WHAT THIS TASK INVOLVES
The word to look for is "diameter". Report every line of the entries below that has it.

Dataset excerpts:
>>>>

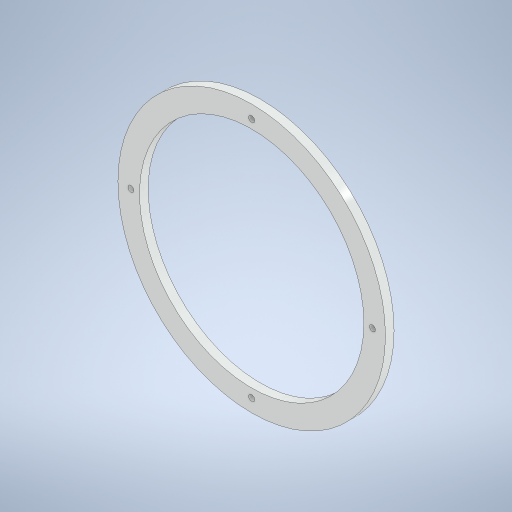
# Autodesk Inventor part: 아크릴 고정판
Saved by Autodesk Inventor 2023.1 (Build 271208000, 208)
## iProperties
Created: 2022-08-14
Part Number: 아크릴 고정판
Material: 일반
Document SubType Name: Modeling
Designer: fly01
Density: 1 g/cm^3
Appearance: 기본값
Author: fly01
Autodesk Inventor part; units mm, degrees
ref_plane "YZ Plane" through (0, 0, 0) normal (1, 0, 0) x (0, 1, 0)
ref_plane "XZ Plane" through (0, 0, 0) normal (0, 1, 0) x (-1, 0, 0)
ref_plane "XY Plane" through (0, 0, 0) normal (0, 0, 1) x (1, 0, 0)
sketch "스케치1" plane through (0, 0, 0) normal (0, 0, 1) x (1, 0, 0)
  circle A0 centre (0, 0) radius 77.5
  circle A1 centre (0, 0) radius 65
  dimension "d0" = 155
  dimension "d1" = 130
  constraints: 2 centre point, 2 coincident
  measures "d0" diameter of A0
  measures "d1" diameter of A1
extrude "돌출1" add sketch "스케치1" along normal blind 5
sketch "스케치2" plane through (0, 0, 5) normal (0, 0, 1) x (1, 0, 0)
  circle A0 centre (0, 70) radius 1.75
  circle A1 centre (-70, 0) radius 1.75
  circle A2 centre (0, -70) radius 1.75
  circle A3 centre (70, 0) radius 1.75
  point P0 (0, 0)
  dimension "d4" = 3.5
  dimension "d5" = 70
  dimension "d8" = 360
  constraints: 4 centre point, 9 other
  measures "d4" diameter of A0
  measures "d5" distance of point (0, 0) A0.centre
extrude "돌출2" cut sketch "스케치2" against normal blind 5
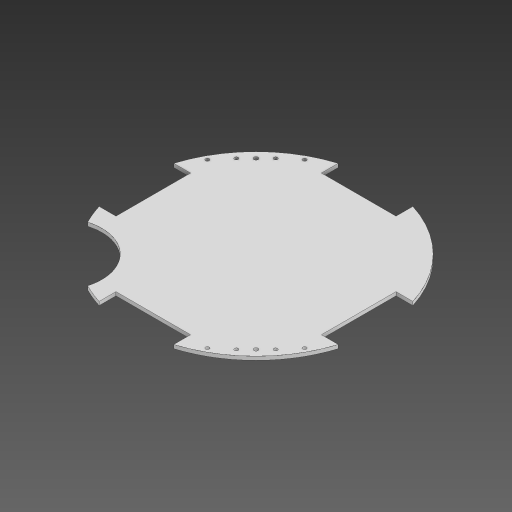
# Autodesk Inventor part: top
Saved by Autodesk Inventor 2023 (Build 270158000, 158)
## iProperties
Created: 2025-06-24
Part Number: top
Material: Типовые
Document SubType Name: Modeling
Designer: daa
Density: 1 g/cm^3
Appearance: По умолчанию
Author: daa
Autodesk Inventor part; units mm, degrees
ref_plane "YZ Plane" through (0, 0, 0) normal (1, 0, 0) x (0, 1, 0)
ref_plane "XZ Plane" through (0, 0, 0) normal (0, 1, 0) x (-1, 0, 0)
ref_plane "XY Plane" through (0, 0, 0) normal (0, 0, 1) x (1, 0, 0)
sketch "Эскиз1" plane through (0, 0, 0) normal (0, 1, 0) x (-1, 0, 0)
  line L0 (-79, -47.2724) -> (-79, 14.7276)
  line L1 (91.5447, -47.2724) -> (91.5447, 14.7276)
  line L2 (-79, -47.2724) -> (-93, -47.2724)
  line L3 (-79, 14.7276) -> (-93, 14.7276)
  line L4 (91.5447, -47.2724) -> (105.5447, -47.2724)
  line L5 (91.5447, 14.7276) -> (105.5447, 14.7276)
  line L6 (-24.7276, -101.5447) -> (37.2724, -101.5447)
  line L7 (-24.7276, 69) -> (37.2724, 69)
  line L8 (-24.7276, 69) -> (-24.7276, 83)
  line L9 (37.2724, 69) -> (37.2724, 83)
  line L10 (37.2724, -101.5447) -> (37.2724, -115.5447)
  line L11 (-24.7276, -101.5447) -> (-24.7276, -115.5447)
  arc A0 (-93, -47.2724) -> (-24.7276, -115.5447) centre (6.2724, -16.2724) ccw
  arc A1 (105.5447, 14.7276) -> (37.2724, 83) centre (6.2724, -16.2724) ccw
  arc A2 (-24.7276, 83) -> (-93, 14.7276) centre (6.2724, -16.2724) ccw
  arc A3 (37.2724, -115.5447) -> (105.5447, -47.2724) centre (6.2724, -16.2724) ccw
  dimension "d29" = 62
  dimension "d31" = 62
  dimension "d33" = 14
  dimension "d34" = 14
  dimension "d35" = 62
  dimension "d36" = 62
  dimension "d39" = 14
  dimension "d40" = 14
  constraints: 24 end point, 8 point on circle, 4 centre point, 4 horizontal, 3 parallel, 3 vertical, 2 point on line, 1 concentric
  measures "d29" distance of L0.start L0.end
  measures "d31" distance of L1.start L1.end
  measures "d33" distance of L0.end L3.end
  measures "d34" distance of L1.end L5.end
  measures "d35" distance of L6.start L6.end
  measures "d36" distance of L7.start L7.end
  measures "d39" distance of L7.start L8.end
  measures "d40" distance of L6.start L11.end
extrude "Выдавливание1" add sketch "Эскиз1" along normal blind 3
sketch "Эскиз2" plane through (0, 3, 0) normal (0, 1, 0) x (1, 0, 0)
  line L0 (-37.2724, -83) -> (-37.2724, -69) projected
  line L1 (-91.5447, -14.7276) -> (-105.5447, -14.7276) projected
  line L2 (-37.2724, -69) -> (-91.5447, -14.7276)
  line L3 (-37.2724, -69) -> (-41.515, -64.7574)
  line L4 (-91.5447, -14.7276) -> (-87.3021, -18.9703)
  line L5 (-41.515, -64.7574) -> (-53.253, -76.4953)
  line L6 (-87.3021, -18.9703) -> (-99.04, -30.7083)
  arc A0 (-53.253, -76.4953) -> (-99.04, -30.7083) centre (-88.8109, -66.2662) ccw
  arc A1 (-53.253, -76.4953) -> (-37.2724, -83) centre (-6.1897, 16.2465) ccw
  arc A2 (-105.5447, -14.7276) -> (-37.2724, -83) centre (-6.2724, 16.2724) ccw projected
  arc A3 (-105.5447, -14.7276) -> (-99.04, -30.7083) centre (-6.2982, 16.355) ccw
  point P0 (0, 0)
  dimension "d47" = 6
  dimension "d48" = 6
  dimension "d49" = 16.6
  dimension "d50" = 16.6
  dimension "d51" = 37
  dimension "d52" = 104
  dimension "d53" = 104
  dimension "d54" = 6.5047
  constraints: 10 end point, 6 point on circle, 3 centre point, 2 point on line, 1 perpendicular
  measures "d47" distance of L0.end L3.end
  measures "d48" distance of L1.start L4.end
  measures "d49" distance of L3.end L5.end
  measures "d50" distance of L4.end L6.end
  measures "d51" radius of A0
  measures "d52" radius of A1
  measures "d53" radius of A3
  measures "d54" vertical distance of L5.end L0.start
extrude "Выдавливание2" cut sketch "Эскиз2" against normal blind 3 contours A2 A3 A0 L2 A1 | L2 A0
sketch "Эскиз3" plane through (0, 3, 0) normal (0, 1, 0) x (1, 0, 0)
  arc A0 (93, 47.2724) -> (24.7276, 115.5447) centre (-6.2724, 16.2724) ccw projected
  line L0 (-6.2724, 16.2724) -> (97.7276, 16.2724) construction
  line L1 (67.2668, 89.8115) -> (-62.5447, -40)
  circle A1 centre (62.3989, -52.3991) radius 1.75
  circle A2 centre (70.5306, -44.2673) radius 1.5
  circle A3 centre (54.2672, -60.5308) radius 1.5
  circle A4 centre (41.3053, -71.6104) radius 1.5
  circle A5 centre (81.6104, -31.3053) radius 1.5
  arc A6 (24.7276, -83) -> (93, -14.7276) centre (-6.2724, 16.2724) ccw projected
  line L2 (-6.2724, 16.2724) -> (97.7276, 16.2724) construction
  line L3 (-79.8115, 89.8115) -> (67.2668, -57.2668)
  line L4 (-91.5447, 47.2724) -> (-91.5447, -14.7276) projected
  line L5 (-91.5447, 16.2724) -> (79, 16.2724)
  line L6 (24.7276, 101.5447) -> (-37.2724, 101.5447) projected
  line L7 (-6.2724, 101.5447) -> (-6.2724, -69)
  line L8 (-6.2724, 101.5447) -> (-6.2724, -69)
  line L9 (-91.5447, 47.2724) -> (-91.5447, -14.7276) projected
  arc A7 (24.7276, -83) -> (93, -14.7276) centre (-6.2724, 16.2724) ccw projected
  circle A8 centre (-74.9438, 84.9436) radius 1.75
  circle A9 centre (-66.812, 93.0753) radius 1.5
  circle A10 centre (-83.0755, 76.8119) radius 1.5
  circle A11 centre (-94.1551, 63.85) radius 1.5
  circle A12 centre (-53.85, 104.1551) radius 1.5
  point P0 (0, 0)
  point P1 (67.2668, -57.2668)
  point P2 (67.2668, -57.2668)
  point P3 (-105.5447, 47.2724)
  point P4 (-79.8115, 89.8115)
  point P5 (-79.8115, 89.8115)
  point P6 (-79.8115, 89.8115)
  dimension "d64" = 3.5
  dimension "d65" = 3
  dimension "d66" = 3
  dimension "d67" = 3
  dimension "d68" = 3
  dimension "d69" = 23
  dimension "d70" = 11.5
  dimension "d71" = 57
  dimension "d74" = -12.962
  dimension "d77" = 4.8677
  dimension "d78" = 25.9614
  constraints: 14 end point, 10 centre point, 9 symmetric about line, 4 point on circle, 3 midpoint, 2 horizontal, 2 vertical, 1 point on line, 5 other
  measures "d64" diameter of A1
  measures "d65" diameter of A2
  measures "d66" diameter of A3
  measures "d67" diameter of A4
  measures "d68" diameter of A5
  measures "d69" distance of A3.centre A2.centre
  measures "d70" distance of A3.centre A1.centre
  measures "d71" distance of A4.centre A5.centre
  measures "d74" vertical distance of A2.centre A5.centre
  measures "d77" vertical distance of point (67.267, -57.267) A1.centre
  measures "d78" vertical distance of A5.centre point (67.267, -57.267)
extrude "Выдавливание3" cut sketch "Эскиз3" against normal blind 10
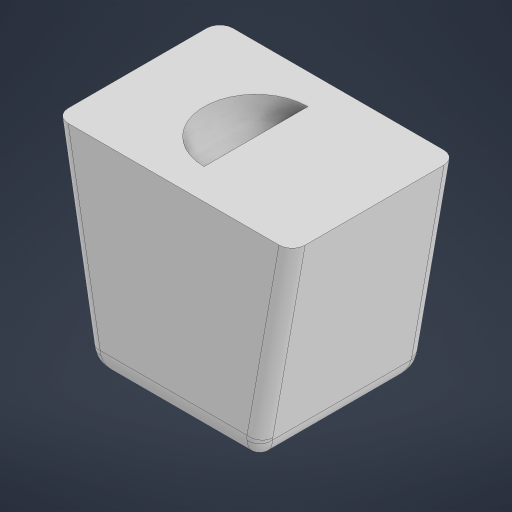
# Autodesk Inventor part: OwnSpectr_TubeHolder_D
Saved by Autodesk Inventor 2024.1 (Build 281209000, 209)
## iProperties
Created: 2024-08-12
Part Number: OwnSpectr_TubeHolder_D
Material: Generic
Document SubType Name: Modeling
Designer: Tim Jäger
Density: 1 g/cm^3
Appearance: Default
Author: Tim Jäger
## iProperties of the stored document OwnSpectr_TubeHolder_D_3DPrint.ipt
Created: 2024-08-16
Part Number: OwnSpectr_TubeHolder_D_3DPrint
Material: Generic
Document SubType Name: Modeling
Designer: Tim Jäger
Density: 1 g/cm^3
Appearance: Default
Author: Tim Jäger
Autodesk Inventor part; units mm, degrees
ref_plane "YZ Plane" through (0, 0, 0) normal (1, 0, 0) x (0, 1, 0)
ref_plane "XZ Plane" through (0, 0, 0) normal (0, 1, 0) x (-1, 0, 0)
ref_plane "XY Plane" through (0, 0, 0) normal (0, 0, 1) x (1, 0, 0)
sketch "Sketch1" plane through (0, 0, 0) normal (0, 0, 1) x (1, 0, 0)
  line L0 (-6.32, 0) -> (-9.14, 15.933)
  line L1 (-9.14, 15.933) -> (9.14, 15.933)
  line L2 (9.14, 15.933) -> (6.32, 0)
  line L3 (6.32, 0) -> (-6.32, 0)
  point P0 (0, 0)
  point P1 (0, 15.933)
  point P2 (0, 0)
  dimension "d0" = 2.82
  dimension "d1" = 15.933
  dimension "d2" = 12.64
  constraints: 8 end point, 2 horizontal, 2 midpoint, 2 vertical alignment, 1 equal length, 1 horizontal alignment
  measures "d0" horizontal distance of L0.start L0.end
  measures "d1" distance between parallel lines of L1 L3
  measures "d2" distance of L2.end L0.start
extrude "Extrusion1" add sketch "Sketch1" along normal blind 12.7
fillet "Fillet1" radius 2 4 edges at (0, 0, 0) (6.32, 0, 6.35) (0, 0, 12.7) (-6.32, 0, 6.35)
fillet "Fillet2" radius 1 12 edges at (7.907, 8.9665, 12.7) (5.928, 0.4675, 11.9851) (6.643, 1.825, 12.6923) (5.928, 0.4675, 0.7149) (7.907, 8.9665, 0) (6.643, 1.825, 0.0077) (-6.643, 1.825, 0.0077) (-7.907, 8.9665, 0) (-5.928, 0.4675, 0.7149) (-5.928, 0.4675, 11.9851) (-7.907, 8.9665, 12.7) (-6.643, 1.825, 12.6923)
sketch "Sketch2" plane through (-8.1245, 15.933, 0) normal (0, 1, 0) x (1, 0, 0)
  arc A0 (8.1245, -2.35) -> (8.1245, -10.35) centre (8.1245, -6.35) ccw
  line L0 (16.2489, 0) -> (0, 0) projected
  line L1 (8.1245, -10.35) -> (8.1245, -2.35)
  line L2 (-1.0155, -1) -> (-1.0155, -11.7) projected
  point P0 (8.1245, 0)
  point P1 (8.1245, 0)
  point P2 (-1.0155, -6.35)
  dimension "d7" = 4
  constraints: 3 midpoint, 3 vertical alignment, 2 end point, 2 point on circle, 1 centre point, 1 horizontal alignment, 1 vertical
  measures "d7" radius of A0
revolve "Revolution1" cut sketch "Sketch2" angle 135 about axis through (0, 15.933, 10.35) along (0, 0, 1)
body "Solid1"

<<<<

WRITTEN RESPONSE
  measures "d0" diameter of A0
  measures "d1" diameter of A1
  measures "d4" diameter of A0
  measures "d64" diameter of A1
  measures "d65" diameter of A2
  measures "d66" diameter of A3
  measures "d67" diameter of A4
  measures "d68" diameter of A5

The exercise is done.